The musical elements became so prominent that we wondered if we were hearing a concert of experimental music or a dance performance.

Another musical element was provided by the bass player Gregory Richardson. He laid down a lick which was then looped and he overlaid that with another element. Eventually he was playing lead, switching to guitar, to his own accompaniment. This kind of overdubbing has a history in pop music reaching back to Phil Spector and Brian Wilson.

There was another element introduced by the break dancing and acrobatics of Ephrat “Bounce” Asherie. Wearing sneakers instead of tap shoes she provided a contrarian, mischievous and arguably distracting counterpoint to the tap virtuosity. It was an interesting idea that didn’t always work as Asherie was too often showboating and out of sync with the main flow of the company.
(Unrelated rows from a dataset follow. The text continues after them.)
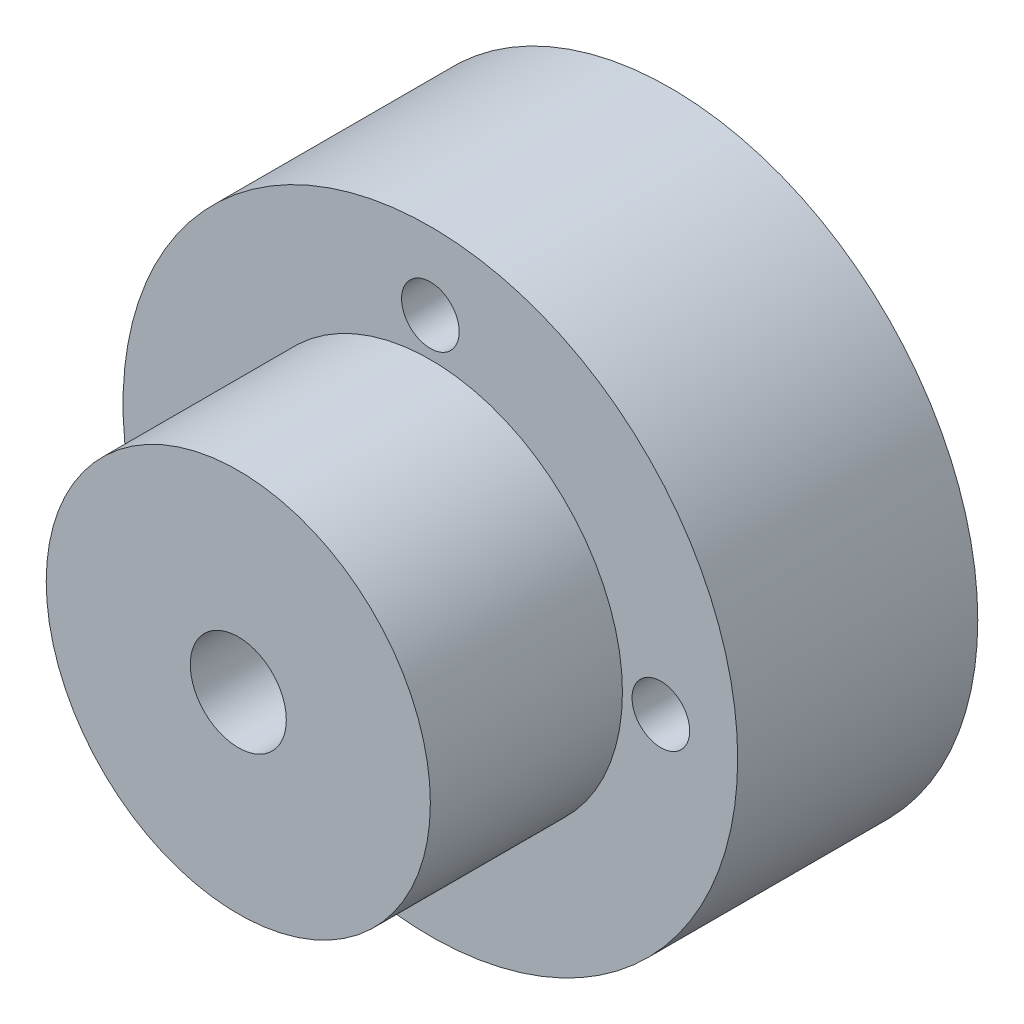
ISO-10303-21;
HEADER;
FILE_DESCRIPTION(('STEP AP214'),'2;1');
FILE_NAME('part.step','',(''),(''),'','','');
FILE_SCHEMA(('AUTOMOTIVE_DESIGN { 1 0 10303 214 1 1 1 1 }'));
ENDSEC;
DATA;
#1=APPLICATION_CONTEXT('core data for automotive mechanical design processes');
#2=APPLICATION_PROTOCOL_DEFINITION('international standard','automotive_design',2000,#1);
#3=PRODUCT_CONTEXT('',#1,'mechanical');
#4=PRODUCT('Part','Part','',(#3));
#5=PRODUCT_RELATED_PRODUCT_CATEGORY('part','',(#4));
#6=PRODUCT_DEFINITION_FORMATION('','',#4);
#7=PRODUCT_DEFINITION_CONTEXT('part definition',#1,'design');
#8=PRODUCT_DEFINITION('design','',#6,#7);
#9=PRODUCT_DEFINITION_SHAPE('','',#8);
#10=(LENGTH_UNIT() NAMED_UNIT(*) SI_UNIT(.MILLI.,.METRE.));
#11=(NAMED_UNIT(*) PLANE_ANGLE_UNIT() SI_UNIT($,.RADIAN.));
#12=(NAMED_UNIT(*) SI_UNIT($,.STERADIAN.) SOLID_ANGLE_UNIT());
#13=UNCERTAINTY_MEASURE_WITH_UNIT(LENGTH_MEASURE(1.E-05),#10,'distance_accuracy_value','');
#14=(GEOMETRIC_REPRESENTATION_CONTEXT(3) GLOBAL_UNCERTAINTY_ASSIGNED_CONTEXT((#13)) GLOBAL_UNIT_ASSIGNED_CONTEXT((#10,
#11,#12)) REPRESENTATION_CONTEXT('',''));
#15=CARTESIAN_POINT('',(0.,0.,0.));
#16=DIRECTION('',(0.,0.,1.));
#17=DIRECTION('',(1.,0.,0.));
#18=AXIS2_PLACEMENT_3D('',#15,#16,#17);
#19=CARTESIAN_POINT('',(0.,0.,12.5));
#20=DIRECTION('',(0.,0.,-1.));
#21=DIRECTION('',(-1.,0.,0.));
#22=AXIS2_PLACEMENT_3D('',#19,#20,#21);
#23=CYLINDRICAL_SURFACE('',#22,16.);
#24=CARTESIAN_POINT('',(0.,0.,12.5));
#25=DIRECTION('',(0.,0.,1.));
#26=DIRECTION('',(1.,0.,0.));
#27=AXIS2_PLACEMENT_3D('',#24,#25,#26);
#28=CIRCLE('',#27,16.);
#29=CARTESIAN_POINT('',(16.,0.,12.5));
#30=VERTEX_POINT('',#29);
#31=EDGE_CURVE('E49',#30,#30,#28,.T.);
#32=ORIENTED_EDGE('',*,*,#31,.F.);
#33=EDGE_LOOP('',(#32));
#34=FACE_BOUND('',#33,.T.);
#35=CARTESIAN_POINT('',(0.,0.,0.));
#36=DIRECTION('',(0.,0.,1.));
#37=DIRECTION('',(1.,0.,0.));
#38=AXIS2_PLACEMENT_3D('',#35,#36,#37);
#39=CIRCLE('',#38,16.);
#40=CARTESIAN_POINT('',(16.,0.,0.));
#41=VERTEX_POINT('',#40);
#42=EDGE_CURVE('E45',#41,#41,#39,.T.);
#43=ORIENTED_EDGE('',*,*,#42,.T.);
#44=EDGE_LOOP('',(#43));
#45=FACE_BOUND('',#44,.T.);
#46=ADVANCED_FACE('F42',(#34,#45),#23,.T.);
#47=CARTESIAN_POINT('',(0.,0.,12.5));
#48=DIRECTION('',(0.,0.,1.));
#49=DIRECTION('',(1.,0.,0.));
#50=AXIS2_PLACEMENT_3D('',#47,#48,#49);
#51=PLANE('',#50);
#52=CARTESIAN_POINT('',(0.,12.,12.5));
#53=DIRECTION('',(0.,0.,1.));
#54=DIRECTION('',(1.,0.,0.));
#55=AXIS2_PLACEMENT_3D('',#52,#53,#54);
#56=CIRCLE('',#55,1.5);
#57=CARTESIAN_POINT('',(-1.5,12.,12.5));
#58=VERTEX_POINT('',#57);
#59=EDGE_CURVE('E62',#58,#58,#56,.T.);
#60=ORIENTED_EDGE('',*,*,#59,.F.);
#61=EDGE_LOOP('',(#60));
#62=FACE_BOUND('',#61,.T.);
#63=CARTESIAN_POINT('',(-12.,0.,12.5));
#64=DIRECTION('',(0.,0.,1.));
#65=DIRECTION('',(1.,0.,0.));
#66=AXIS2_PLACEMENT_3D('',#63,#64,#65);
#67=CIRCLE('',#66,1.5);
#68=CARTESIAN_POINT('',(-13.5,0.,12.5));
#69=VERTEX_POINT('',#68);
#70=EDGE_CURVE('E67',#69,#69,#67,.T.);
#71=ORIENTED_EDGE('',*,*,#70,.F.);
#72=EDGE_LOOP('',(#71));
#73=FACE_BOUND('',#72,.T.);
#74=CARTESIAN_POINT('',(0.,-12.,12.5));
#75=DIRECTION('',(0.,0.,1.));
#76=DIRECTION('',(1.,0.,0.));
#77=AXIS2_PLACEMENT_3D('',#74,#75,#76);
#78=CIRCLE('',#77,1.5);
#79=CARTESIAN_POINT('',(-1.5,-12.,12.5));
#80=VERTEX_POINT('',#79);
#81=EDGE_CURVE('E70',#80,#80,#78,.T.);
#82=ORIENTED_EDGE('',*,*,#81,.F.);
#83=EDGE_LOOP('',(#82));
#84=FACE_BOUND('',#83,.T.);
#85=CARTESIAN_POINT('',(12.,0.,12.5));
#86=DIRECTION('',(0.,0.,1.));
#87=DIRECTION('',(1.,0.,0.));
#88=AXIS2_PLACEMENT_3D('',#85,#86,#87);
#89=CIRCLE('',#88,1.5);
#90=CARTESIAN_POINT('',(10.5,0.,12.5));
#91=VERTEX_POINT('',#90);
#92=EDGE_CURVE('E73',#91,#91,#89,.T.);
#93=ORIENTED_EDGE('',*,*,#92,.F.);
#94=EDGE_LOOP('',(#93));
#95=FACE_BOUND('',#94,.T.);
#96=CARTESIAN_POINT('',(0.,0.,12.5));
#97=DIRECTION('',(0.,0.,1.));
#98=DIRECTION('',(1.,0.,0.));
#99=AXIS2_PLACEMENT_3D('',#96,#97,#98);
#100=CIRCLE('',#99,10.);
#101=CARTESIAN_POINT('',(10.,0.,12.5));
#102=VERTEX_POINT('',#101);
#103=EDGE_CURVE('E10',#102,#102,#100,.T.);
#104=ORIENTED_EDGE('',*,*,#103,.F.);
#105=EDGE_LOOP('',(#104));
#106=FACE_BOUND('',#105,.T.);
#107=ORIENTED_EDGE('',*,*,#31,.T.);
#108=EDGE_LOOP('',(#107));
#109=FACE_BOUND('',#108,.T.);
#110=ADVANCED_FACE('F95',(#62,#73,#84,#95,#106,#109),#51,.T.);
#111=CARTESIAN_POINT('',(0.,0.,0.));
#112=DIRECTION('',(0.,0.,1.));
#113=DIRECTION('',(1.,0.,0.));
#114=AXIS2_PLACEMENT_3D('',#111,#112,#113);
#115=PLANE('',#114);
#116=CARTESIAN_POINT('',(0.,12.,0.));
#117=DIRECTION('',(0.,0.,-1.));
#118=DIRECTION('',(-1.,0.,0.));
#119=AXIS2_PLACEMENT_3D('',#116,#117,#118);
#120=CIRCLE('',#119,1.5);
#121=CARTESIAN_POINT('',(-1.5,12.,0.));
#122=VERTEX_POINT('',#121);
#123=EDGE_CURVE('E76',#122,#122,#120,.T.);
#124=ORIENTED_EDGE('',*,*,#123,.F.);
#125=EDGE_LOOP('',(#124));
#126=FACE_BOUND('',#125,.T.);
#127=CARTESIAN_POINT('',(-12.,0.,0.));
#128=DIRECTION('',(0.,0.,-1.));
#129=DIRECTION('',(-1.,0.,0.));
#130=AXIS2_PLACEMENT_3D('',#127,#128,#129);
#131=CIRCLE('',#130,1.5);
#132=CARTESIAN_POINT('',(-13.5,0.,0.));
#133=VERTEX_POINT('',#132);
#134=EDGE_CURVE('E83',#133,#133,#131,.T.);
#135=ORIENTED_EDGE('',*,*,#134,.F.);
#136=EDGE_LOOP('',(#135));
#137=FACE_BOUND('',#136,.T.);
#138=CARTESIAN_POINT('',(0.,-12.,0.));
#139=DIRECTION('',(0.,0.,-1.));
#140=DIRECTION('',(-1.,0.,0.));
#141=AXIS2_PLACEMENT_3D('',#138,#139,#140);
#142=CIRCLE('',#141,1.5);
#143=CARTESIAN_POINT('',(-1.5,-12.,0.));
#144=VERTEX_POINT('',#143);
#145=EDGE_CURVE('E80',#144,#144,#142,.T.);
#146=ORIENTED_EDGE('',*,*,#145,.F.);
#147=EDGE_LOOP('',(#146));
#148=FACE_BOUND('',#147,.T.);
#149=CARTESIAN_POINT('',(12.,0.,0.));
#150=DIRECTION('',(0.,0.,-1.));
#151=DIRECTION('',(-1.,0.,0.));
#152=AXIS2_PLACEMENT_3D('',#149,#150,#151);
#153=CIRCLE('',#152,1.5);
#154=CARTESIAN_POINT('',(10.5,0.,0.));
#155=VERTEX_POINT('',#154);
#156=EDGE_CURVE('E77',#155,#155,#153,.T.);
#157=ORIENTED_EDGE('',*,*,#156,.F.);
#158=EDGE_LOOP('',(#157));
#159=FACE_BOUND('',#158,.T.);
#160=CARTESIAN_POINT('',(0.,0.,0.));
#161=DIRECTION('',(0.,0.,1.));
#162=DIRECTION('',(1.,0.,0.));
#163=AXIS2_PLACEMENT_3D('',#160,#161,#162);
#164=CIRCLE('',#163,2.5);
#165=CARTESIAN_POINT('',(2.5,0.,0.));
#166=VERTEX_POINT('',#165);
#167=EDGE_CURVE('E58',#166,#166,#164,.T.);
#168=ORIENTED_EDGE('',*,*,#167,.T.);
#169=EDGE_LOOP('',(#168));
#170=FACE_BOUND('',#169,.T.);
#171=ORIENTED_EDGE('',*,*,#42,.F.);
#172=EDGE_LOOP('',(#171));
#173=FACE_BOUND('',#172,.T.);
#174=ADVANCED_FACE('F91',(#126,#137,#148,#159,#170,#173),#115,.F.);
#175=CARTESIAN_POINT('',(0.,0.,22.5));
#176=DIRECTION('',(0.,0.,-1.));
#177=DIRECTION('',(-1.,0.,0.));
#178=AXIS2_PLACEMENT_3D('',#175,#176,#177);
#179=CYLINDRICAL_SURFACE('',#178,10.);
#180=CARTESIAN_POINT('',(0.,0.,22.5));
#181=DIRECTION('',(0.,0.,1.));
#182=DIRECTION('',(1.,0.,0.));
#183=AXIS2_PLACEMENT_3D('',#180,#181,#182);
#184=CIRCLE('',#183,10.);
#185=CARTESIAN_POINT('',(10.,0.,22.5));
#186=VERTEX_POINT('',#185);
#187=EDGE_CURVE('E55',#186,#186,#184,.T.);
#188=ORIENTED_EDGE('',*,*,#187,.F.);
#189=EDGE_LOOP('',(#188));
#190=FACE_BOUND('',#189,.T.);
#191=ORIENTED_EDGE('',*,*,#103,.T.);
#192=EDGE_LOOP('',(#191));
#193=FACE_BOUND('',#192,.T.);
#194=ADVANCED_FACE('F94',(#190,#193),#179,.T.);
#195=CARTESIAN_POINT('',(0.,0.,22.5));
#196=DIRECTION('',(0.,0.,1.));
#197=DIRECTION('',(1.,0.,0.));
#198=AXIS2_PLACEMENT_3D('',#195,#196,#197);
#199=PLANE('',#198);
#200=CARTESIAN_POINT('',(0.,0.,22.5));
#201=DIRECTION('',(0.,0.,1.));
#202=DIRECTION('',(1.,0.,0.));
#203=AXIS2_PLACEMENT_3D('',#200,#201,#202);
#204=CIRCLE('',#203,2.5);
#205=CARTESIAN_POINT('',(2.5,0.,22.5));
#206=VERTEX_POINT('',#205);
#207=EDGE_CURVE('E59',#206,#206,#204,.T.);
#208=ORIENTED_EDGE('',*,*,#207,.F.);
#209=EDGE_LOOP('',(#208));
#210=FACE_BOUND('',#209,.T.);
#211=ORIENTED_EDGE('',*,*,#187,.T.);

After intermission,  the second part the single, evening long piece started with the vocalist Aaron Marcellus. He began softly with vocalese or invented sounds of a jazz scat singer. As was the case with the bass solo again his singing was looped with layers upon layers. The sustained solo again seemed out of place in a dance program.

Eventually he moved to the back of the stage while dancer performed. He sang lyrics which were impossible to hear or understand. That seemed to create a narrative as two male dancers engaged in a bit of push and shove that signified a lover’s quarrel.

This brief insertion of narrative into an evening of extreme aural abstraction felt more disruptive than inventive.

There were flashes of the virtuoso tap that Dorrance and the company are known for. That finally broke out in a super-charged and spectacular finale.

Unfortunately, it was a peak experience that we had been waiting for all evening.